**Data provided**.
******

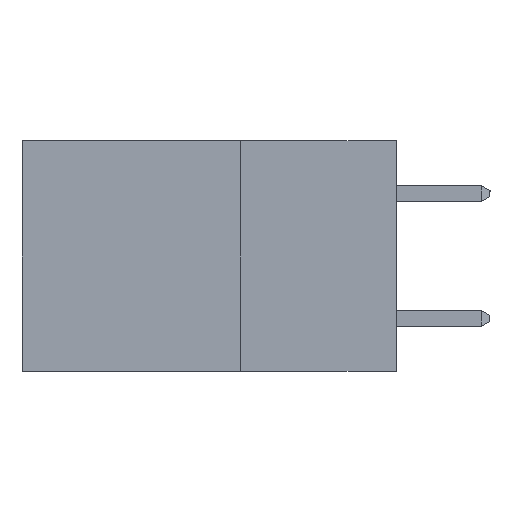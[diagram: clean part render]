
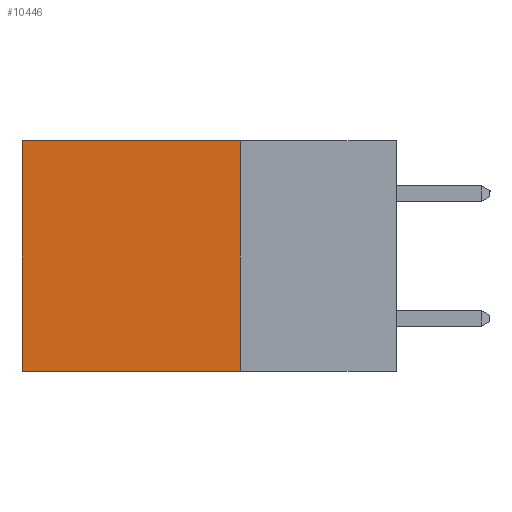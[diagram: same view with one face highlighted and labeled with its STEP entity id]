
A CAD part, left-side view. The second image highlights one B-rep face of the part: STEP entity #10446.
In plain terms, the highlighted planar face has unit normal (-1, 0, 0).
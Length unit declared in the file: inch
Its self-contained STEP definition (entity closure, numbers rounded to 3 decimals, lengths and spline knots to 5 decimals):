
#438 = ORIENTED_EDGE ( 'NONE', *, *, #10568, .F. ) ;
#445 = EDGE_CURVE ( 'NONE', #854, #1268, #7762, .T. ) ;
#854 = VERTEX_POINT ( 'NONE', #9497 ) ;
#1061 = DIRECTION ( 'NONE',  ( 0., 0., -1. ) ) ;
#1068 = VECTOR ( 'NONE', #10146, 39.37008 ) ;
#1127 = LINE ( 'NONE', #8219, #1068 ) ;
#1268 = VERTEX_POINT ( 'NONE', #4031 ) ;
#1674 = DIRECTION ( 'NONE',  ( 0., 0., -1. ) ) ;
#1731 = VERTEX_POINT ( 'NONE', #9682 ) ;
#1993 = CARTESIAN_POINT ( 'NONE',  ( 0.2615, 0.25, -0.37 ) ) ;
#2390 = CARTESIAN_POINT ( 'NONE',  ( 0.2615, 0.6, -0.37 ) ) ;
#2775 = FACE_OUTER_BOUND ( 'NONE', #7410, .T. ) ;
#2850 = ORIENTED_EDGE ( 'NONE', *, *, #11242, .F. ) ;
#3671 = CARTESIAN_POINT ( 'NONE',  ( 0.2615, 0.25, -0.37 ) ) ;
#3819 = VERTEX_POINT ( 'NONE', #4106 ) ;
#4031 = CARTESIAN_POINT ( 'NONE',  ( 0.2615, 0.6, -0.37 ) ) ;
#4106 = CARTESIAN_POINT ( 'NONE',  ( 0.2615, 0.25, 0. ) ) ;
#4160 = EDGE_CURVE ( 'NONE', #3819, #854, #1127, .T. ) ;
#4615 = ORIENTED_EDGE ( 'NONE', *, *, #445, .T. ) ;
#5390 = DIRECTION ( 'NONE',  ( 1., 0., 0. ) ) ;
#6397 = DIRECTION ( 'NONE',  ( 0., 0., -1. ) ) ;
#7169 = ORIENTED_EDGE ( 'NONE', *, *, #4160, .T. ) ;
#7410 = EDGE_LOOP ( 'NONE', ( #4615, #438, #2850, #7169 ) ) ;
#7762 = LINE ( 'NONE', #2390, #8508 ) ;
#8198 = PLANE ( 'NONE',  #10145 ) ;
#8219 = CARTESIAN_POINT ( 'NONE',  ( 0.2615, 0.25, 0. ) ) ;
#8508 = VECTOR ( 'NONE', #1674, 39.37008 ) ;
#8851 = VECTOR ( 'NONE', #1061, 39.37008 ) ;
#9147 = LINE ( 'NONE', #3671, #8851 ) ;
#9360 = LINE ( 'NONE', #1993, #10693 ) ;
#9497 = CARTESIAN_POINT ( 'NONE',  ( 0.2615, 0.6, 0. ) ) ;
#9682 = CARTESIAN_POINT ( 'NONE',  ( 0.2615, 0.25, -0.37 ) ) ;
#9832 = CARTESIAN_POINT ( 'NONE',  ( 0.2615, 0.25, -0.37 ) ) ;
#10145 = AXIS2_PLACEMENT_3D ( 'NONE', #9832, #5390, #6397 ) ;
#10146 = DIRECTION ( 'NONE',  ( 0., 1., 0. ) ) ;
#10446 = ADVANCED_FACE ( 'NONE', ( #2775 ), #8198, .F. ) ;
#10568 = EDGE_CURVE ( 'NONE', #1731, #1268, #9360, .T. ) ;
#10693 = VECTOR ( 'NONE', #11050, 39.37008 ) ;
#11050 = DIRECTION ( 'NONE',  ( 0., 1., 0. ) ) ;
#11242 = EDGE_CURVE ( 'NONE', #3819, #1731, #9147, .T. ) ;
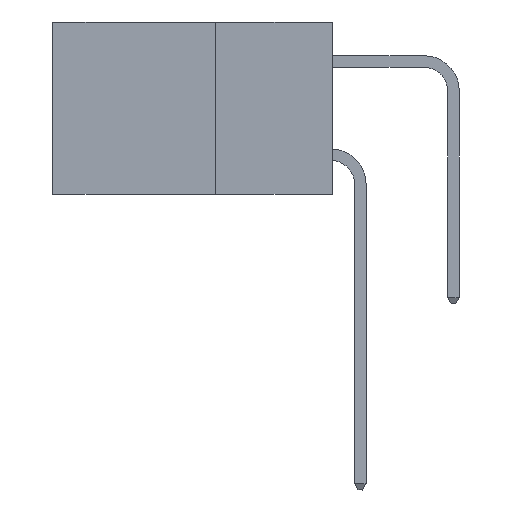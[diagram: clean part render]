
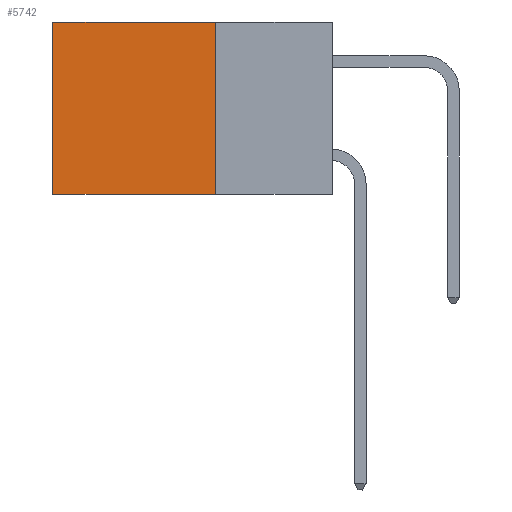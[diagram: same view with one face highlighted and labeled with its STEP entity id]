
A CAD part, left-side view. The second image highlights one B-rep face of the part: STEP entity #5742.
In plain terms, the highlighted planar face has unit normal (-1, 0, 0).
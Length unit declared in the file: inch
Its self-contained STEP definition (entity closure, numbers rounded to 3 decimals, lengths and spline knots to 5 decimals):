
#288 = CARTESIAN_POINT ( 'NONE',  ( 0.298, 0.25, 0. ) ) ;
#706 = LINE ( 'NONE', #15592, #13707 ) ;
#1075 = VECTOR ( 'NONE', #12953, 39.37008 ) ;
#1246 = EDGE_CURVE ( 'NONE', #4796, #9283, #4896, .T. ) ;
#1312 = CARTESIAN_POINT ( 'NONE',  ( 0.298, 0.25, 0. ) ) ;
#1909 = DIRECTION ( 'NONE',  ( 0., 0., -1. ) ) ;
#2043 = ORIENTED_EDGE ( 'NONE', *, *, #1246, .T. ) ;
#3432 = AXIS2_PLACEMENT_3D ( 'NONE', #7034, #6825, #6800 ) ;
#4200 = CARTESIAN_POINT ( 'NONE',  ( 0.298, 0.6, 0. ) ) ;
#4796 = VERTEX_POINT ( 'NONE', #4200 ) ;
#4896 = LINE ( 'NONE', #11513, #11334 ) ;
#5536 = DIRECTION ( 'NONE',  ( 0., 1., 0. ) ) ;
#5742 = ADVANCED_FACE ( 'NONE', ( #15961 ), #7088, .F. ) ;
#6800 = DIRECTION ( 'NONE',  ( 0., 0., -1. ) ) ;
#6825 = DIRECTION ( 'NONE',  ( 1., 0., 0. ) ) ;
#7034 = CARTESIAN_POINT ( 'NONE',  ( 0.298, 0.25, 0. ) ) ;
#7088 = PLANE ( 'NONE',  #3432 ) ;
#7558 = EDGE_LOOP ( 'NONE', ( #2043, #12300, #9176, #15113 ) ) ;
#7585 = VERTEX_POINT ( 'NONE', #7690 ) ;
#7690 = CARTESIAN_POINT ( 'NONE',  ( 0.298, 0.25, -0.37 ) ) ;
#7707 = LINE ( 'NONE', #288, #1075 ) ;
#8325 = DIRECTION ( 'NONE',  ( 0., 0., -1. ) ) ;
#8330 = VECTOR ( 'NONE', #8325, 39.37008 ) ;
#8851 = CARTESIAN_POINT ( 'NONE',  ( 0.298, 0.6, -0.37 ) ) ;
#9176 = ORIENTED_EDGE ( 'NONE', *, *, #12162, .F. ) ;
#9283 = VERTEX_POINT ( 'NONE', #8851 ) ;
#10547 = LINE ( 'NONE', #12279, #8330 ) ;
#11334 = VECTOR ( 'NONE', #1909, 39.37008 ) ;
#11513 = CARTESIAN_POINT ( 'NONE',  ( 0.298, 0.6, 0. ) ) ;
#12162 = EDGE_CURVE ( 'NONE', #14951, #7585, #10547, .T. ) ;
#12279 = CARTESIAN_POINT ( 'NONE',  ( 0.298, 0.25, 0. ) ) ;
#12300 = ORIENTED_EDGE ( 'NONE', *, *, #13975, .F. ) ;
#12953 = DIRECTION ( 'NONE',  ( 0., 1., 0. ) ) ;
#13707 = VECTOR ( 'NONE', #5536, 39.37008 ) ;
#13975 = EDGE_CURVE ( 'NONE', #7585, #9283, #706, .T. ) ;
#14349 = EDGE_CURVE ( 'NONE', #14951, #4796, #7707, .T. ) ;
#14951 = VERTEX_POINT ( 'NONE', #1312 ) ;
#15113 = ORIENTED_EDGE ( 'NONE', *, *, #14349, .T. ) ;
#15592 = CARTESIAN_POINT ( 'NONE',  ( 0.298, 0.25, -0.37 ) ) ;
#15961 = FACE_OUTER_BOUND ( 'NONE', #7558, .T. ) ;

******

**Task**. Give back exactly the lines from the one with "#12953 = DIRECTION" through the final line of the material, both ends included, and no others.

**Solution to this task**.
#12953 = DIRECTION ( 'NONE',  ( 0., 1., 0. ) ) ;
#13707 = VECTOR ( 'NONE', #5536, 39.37008 ) ;
#13975 = EDGE_CURVE ( 'NONE', #7585, #9283, #706, .T. ) ;
#14349 = EDGE_CURVE ( 'NONE', #14951, #4796, #7707, .T. ) ;
#14951 = VERTEX_POINT ( 'NONE', #1312 ) ;
#15113 = ORIENTED_EDGE ( 'NONE', *, *, #14349, .T. ) ;
#15592 = CARTESIAN_POINT ( 'NONE',  ( 0.298, 0.25, -0.37 ) ) ;
#15961 = FACE_OUTER_BOUND ( 'NONE', #7558, .T. ) ;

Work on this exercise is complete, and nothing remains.